Configurable utilities

We offer a set of utilities that can be used to define more complex configurable functions.

The Choice parameter

The Choice parameter can be used to specify that a parameter can take different types. For example:

>>> from optilog.tuning import ac, Int, Real, Choice
>>>
>>> @ac
>>> def func(
>>>     data, seed,
>>>     n: Choice(Int(-7, 8, default=3), Real(0.1, 4.8, default=1.0)) = Int(-7, 8, default=3),
>>> ):
>>>     if isinstance(n, int):
>>>         # Some computation considering 'n' as an int
>>>         ...
>>>     if isinstance(n, float):
>>>         # Some computation considering 'n' as an int
>>>         ...

Another possible usage is the definition of more complex ranges for parameters. For example, in the following function parameter n can take values of the range [-10, 10] U [20, 25].

>>> from optilog.tuning import ac, Int
>>>
>>> @ac
>>> def func(
>>>     data, seed,
>>>     n: Choice(Int(-10, 10, default=0), Int(20, 25, default=20)) = Int(-10, 10, default=0),
>>> ):
>>>     ...

A Choice parameter can be also be used to choose from different configurable functions. This will properly handle the parameters that correspond to each function.

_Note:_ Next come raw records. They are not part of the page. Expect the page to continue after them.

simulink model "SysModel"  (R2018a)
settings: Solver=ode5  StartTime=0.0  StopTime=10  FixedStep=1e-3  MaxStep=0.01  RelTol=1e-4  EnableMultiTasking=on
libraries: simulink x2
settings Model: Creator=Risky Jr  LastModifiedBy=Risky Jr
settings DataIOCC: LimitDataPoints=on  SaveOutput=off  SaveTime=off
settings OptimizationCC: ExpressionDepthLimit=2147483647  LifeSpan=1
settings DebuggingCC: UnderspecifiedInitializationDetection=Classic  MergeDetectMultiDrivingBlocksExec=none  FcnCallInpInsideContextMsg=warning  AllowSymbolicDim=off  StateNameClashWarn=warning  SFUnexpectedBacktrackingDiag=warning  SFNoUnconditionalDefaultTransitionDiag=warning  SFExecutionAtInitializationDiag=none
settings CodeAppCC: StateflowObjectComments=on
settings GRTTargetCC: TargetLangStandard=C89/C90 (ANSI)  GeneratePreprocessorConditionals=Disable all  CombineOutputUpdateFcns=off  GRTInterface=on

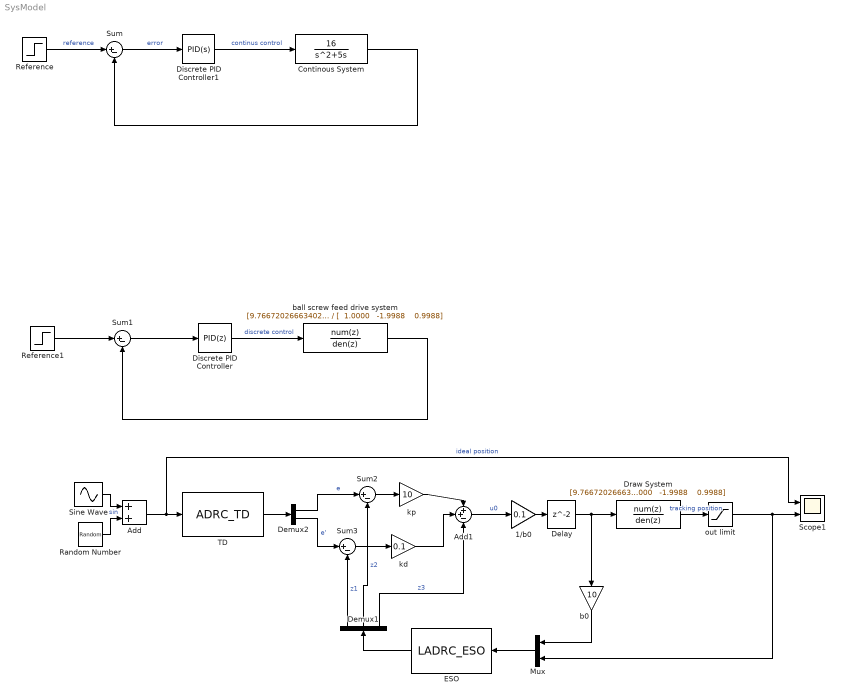
== system SysModel ==
  " ball screw feed drive system" : DiscreteTransferFcn  Numerator=[9.766720266634020e-07 1.841743524655902e-06 8.650714979924997e-07]  Denominator="[  1.0000   -1.9988    0.9988]"  SampleTime=1e-3
  1/b0 : Gain  Gain=0.1
  Add : Sum
  Add1 : Sum  Inputs=++-
  Continous System : TransferFcn  Numerator=[16]  Denominator=[1 5 0]
  Delay : Delay
  Demux1 : Demux  Outputs=3
  Demux2 : Demux  Outputs=2
  Discrete PID Controller : simulink/Continuous/PID Controller  Controller=PID  TimeDomain=Discrete-time  SampleTime=1e-3  IntegratorMethod=Forward Euler  FilterMethod=Forward Euler  Form=Parallel  UseFilter=on  ControllerParametersSource=internal  P=1  I=0  D=0  N=100  InitialConditionSource=internal  InitialConditionForIntegrator=0  InitialConditionForFilter=0  ExternalReset=none  LimitOutput=off  UpperSaturationLimit=inf  LowerSaturationLimit=-inf  LinearizeAsGain=off  AntiWindupMode=none  Kb=1  TrackingMode=off  Kt=1  PParamMin=[]  PParamMax=[]  IParamMin=[]  IParamMax=[]  DParamMin=[]  DParamMax=[]  NParamMin=[]  NParamMax=[]  KbParamMin=[]  KbParamMax=[]  KtParamMin=[]  KtParamMax=[]  POutMin=[]  POutMax=[]  IOutMin=[]  IOutMax=[]  DOutMin=[]  DOutMax=[]  NOutMin=[]  NOutMax=[]  KbOutMin=[]  KbOutMax=[]  KtOutMin=[]  KtOutMax=[]  IntegratorOutMin=[]  IntegratorOutMax=[]  FilterOutMin=[]  FilterOutMax=[]  SumOutMin=[]  SumOutMax=[]  SumI1OutMin=[]  SumI1OutMax=[]  SumI2OutMin=[]  SumI2OutMax=[]  SumI3OutMin=[]  SumI3OutMax=[]  SumDOutMin=[]  SumDOutMax=[]  SaturationOutMin=[]  SaturationOutMax=[]  IntegratorContinuousStateAttributes=''  IntegratorStateMustResolveToSignalObject=off  IntegratorRTWStateStorageClass=Auto  FilterContinuousStateAttributes=''  FilterStateMustResolveToSignalObject=off  FilterRTWStateStorageClass=Auto  DifferentiatorICPrevScaledInput=0  DifferentiatorOutMin=[]  DifferentiatorOutMax=[]  FilterDiffOutCoefMin=[]  FilterDiffOutCoefMax=[]  SumDenOutMin=[]  SumDenOutMax=[]  SumNumOutMin=[]  SumNumOutMax=[]  ReciprocalOutMin=[]  ReciprocalOutMax=[]  DivideOutMin=[]  DivideOutMax=[]  TunerSelectOption=Transfer Function Based (PID Tuner App)
  Discrete PID Controller1 : simulink/Continuous/PID Controller  Controller=PID  TimeDomain=Continuous-time  SampleTime=-1  IntegratorMethod=Forward Euler  FilterMethod=Forward Euler  Form=Parallel  UseFilter=on  ControllerParametersSource=internal  P=1  I=0  D=0  N=100  InitialConditionSource=internal  InitialConditionForIntegrator=0  InitialConditionForFilter=0  ExternalReset=none  LimitOutput=off  UpperSaturationLimit=inf  LowerSaturationLimit=-inf  LinearizeAsGain=off  AntiWindupMode=none  Kb=1  TrackingMode=off  Kt=1  PParamMin=[]  PParamMax=[]  IParamMin=[]  IParamMax=[]  DParamMin=[]  DParamMax=[]  NParamMin=[]  NParamMax=[]  KbParamMin=[]  KbParamMax=[]  KtParamMin=[]  KtParamMax=[]  POutMin=[]  POutMax=[]  IOutMin=[]  IOutMax=[]  DOutMin=[]  DOutMax=[]  NOutMin=[]  NOutMax=[]  KbOutMin=[]  KbOutMax=[]  KtOutMin=[]  KtOutMax=[]  IntegratorOutMin=[]  IntegratorOutMax=[]  FilterOutMin=[]  FilterOutMax=[]  SumOutMin=[]  SumOutMax=[]  SumI1OutMin=[]  SumI1OutMax=[]  SumI2OutMin=[]  SumI2OutMax=[]  SumI3OutMin=[]  SumI3OutMax=[]  SumDOutMin=[]  SumDOutMax=[]  SaturationOutMin=[]  SaturationOutMax=[]  IntegratorContinuousStateAttributes=''  IntegratorStateMustResolveToSignalObject=off  IntegratorRTWStateStorageClass=Auto  FilterContinuousStateAttributes=''  FilterStateMustResolveToSignalObject=off  FilterRTWStateStorageClass=Auto  DifferentiatorICPrevScaledInput=0  DifferentiatorOutMin=[]  DifferentiatorOutMax=[]  FilterDiffOutCoefMin=[]  FilterDiffOutCoefMax=[]  SumDenOutMin=[]  SumDenOutMax=[]  SumNumOutMin=[]  SumNumOutMax=[]  ReciprocalOutMin=[]  ReciprocalOutMax=[]  DivideOutMin=[]  DivideOutMax=[]  TunerSelectOption=Transfer Function Based (PID Tuner App)
  "Draw System " : DiscreteTransferFcn  Numerator=[9.766720266634020e-07 1.841743524655902e-06 8.650714979924997e-07]  Denominator="[  1.0000   -1.9988    0.9988]"  SampleTime=1e-3
  "ESO " : S-Function  FunctionName=LADRC_ESO  Parameters=10,10,300,1000  SFunctionDeploymentMode=off  EnableBusSupport=off
  Mux : Mux  Inputs=2
  Random Number : RandomNumber  Variance=0.001  SampleTime=0.001
  Reference : Step  SampleTime=0
  Reference1 : Step  SampleTime=1e-3
  Scope1 : Scope  NumInputPorts=2
  Sine Wave : Sin  Frequency=62.8  SampleTime=1e-3
  Sum{,1..3} (4 alike) : Sum  Inputs=|+-
  TD : S-Function  FunctionName=ADRC_TD  Parameters=5,1e4  SFunctionDeploymentMode=off  EnableBusSupport=off
  b0 : Gain  Gain=10
  kd : Gain  Gain=0.1
  kp : Gain  Gain=10
  "out limit " : Saturate
  wires:
  Reference/1 -> Sum/1  "reference"
  Continous System/1 -> Sum/2
  Sum/1 -> Discrete PID Controller1/1  "error"
  Discrete PID Controller1/1 -> Continous System/1  "continus control"
  " ball screw feed drive system"/1 -> Sum1/2
  Reference1/1 -> Sum1/1
  Sum1/1 -> Discrete PID Controller/1
  Discrete PID Controller/1 -> " ball screw feed drive system"/1  "discrete control"
  Sine Wave/1 -> Add/1  "sin"
  Add/1 -> Scope1/1, TD/1  "ideal position"
  Random Number/1 -> Add/2
  "ESO "/1 -> Demux1/1
  TD/1 -> Demux2/1
  kp/1 -> Add1/1
  kd/1 -> Add1/2
  Add1/1 -> 1/b0/1  "u0"
  Mux/1 -> "ESO "/1
  "Draw System "/1 -> "out limit "/1  "tracking position"
  Demux1/3 -> Add1/3  "z3"
  Sum2/1 -> kp/1
  Demux1/2 -> Sum2/2  "z2"
  Demux2/1 -> Sum2/1  "e"
  Demux2/2 -> Sum3/1  "e'"
  Demux1/1 -> Sum3/2  "z1"
  Sum3/1 -> kd/1
  Delay/1 -> b0/1, "Draw System "/1
  1/b0/1 -> Delay/1
  b0/1 -> Mux/1
  "out limit "/1 -> Scope1/2, Mux/2

>>> from optilog.tuning import ac, CfgCall, Choice
>>>
>>> @ac
>>> def func(
>>>     data, seed,
>>>     fn: Choice(CfgCall(func1), CfgCall(func2)) = CfgCall(func1),
>>> ):
>>>     val = fn(data, seed)
>>>     ...

Choice also supports more than two domains and inline default.

>>> R1 = Int(3, 10, default=5)
>>> R2 = Int(5, 30, default=20)
>>> R3 = Int(80, 100, default=90)
>>> @ac
>>> def func(
>>>     data, seed,
>>>     x: Choice(R1, R2, R3, default=R1)
>>> ):
>>>     ...

More generally, Choice accepts any number of arguments of any domain. The Choice type will automatically handle the specified options.

In particular, it will provide to the AC tool all needed constraints to correctly configure a Choice parameter.

Note

Choice allows for efficient optimization of parameters on composite domains. These optimizations generate constraints that the AC tool can use to optimize more efficiently.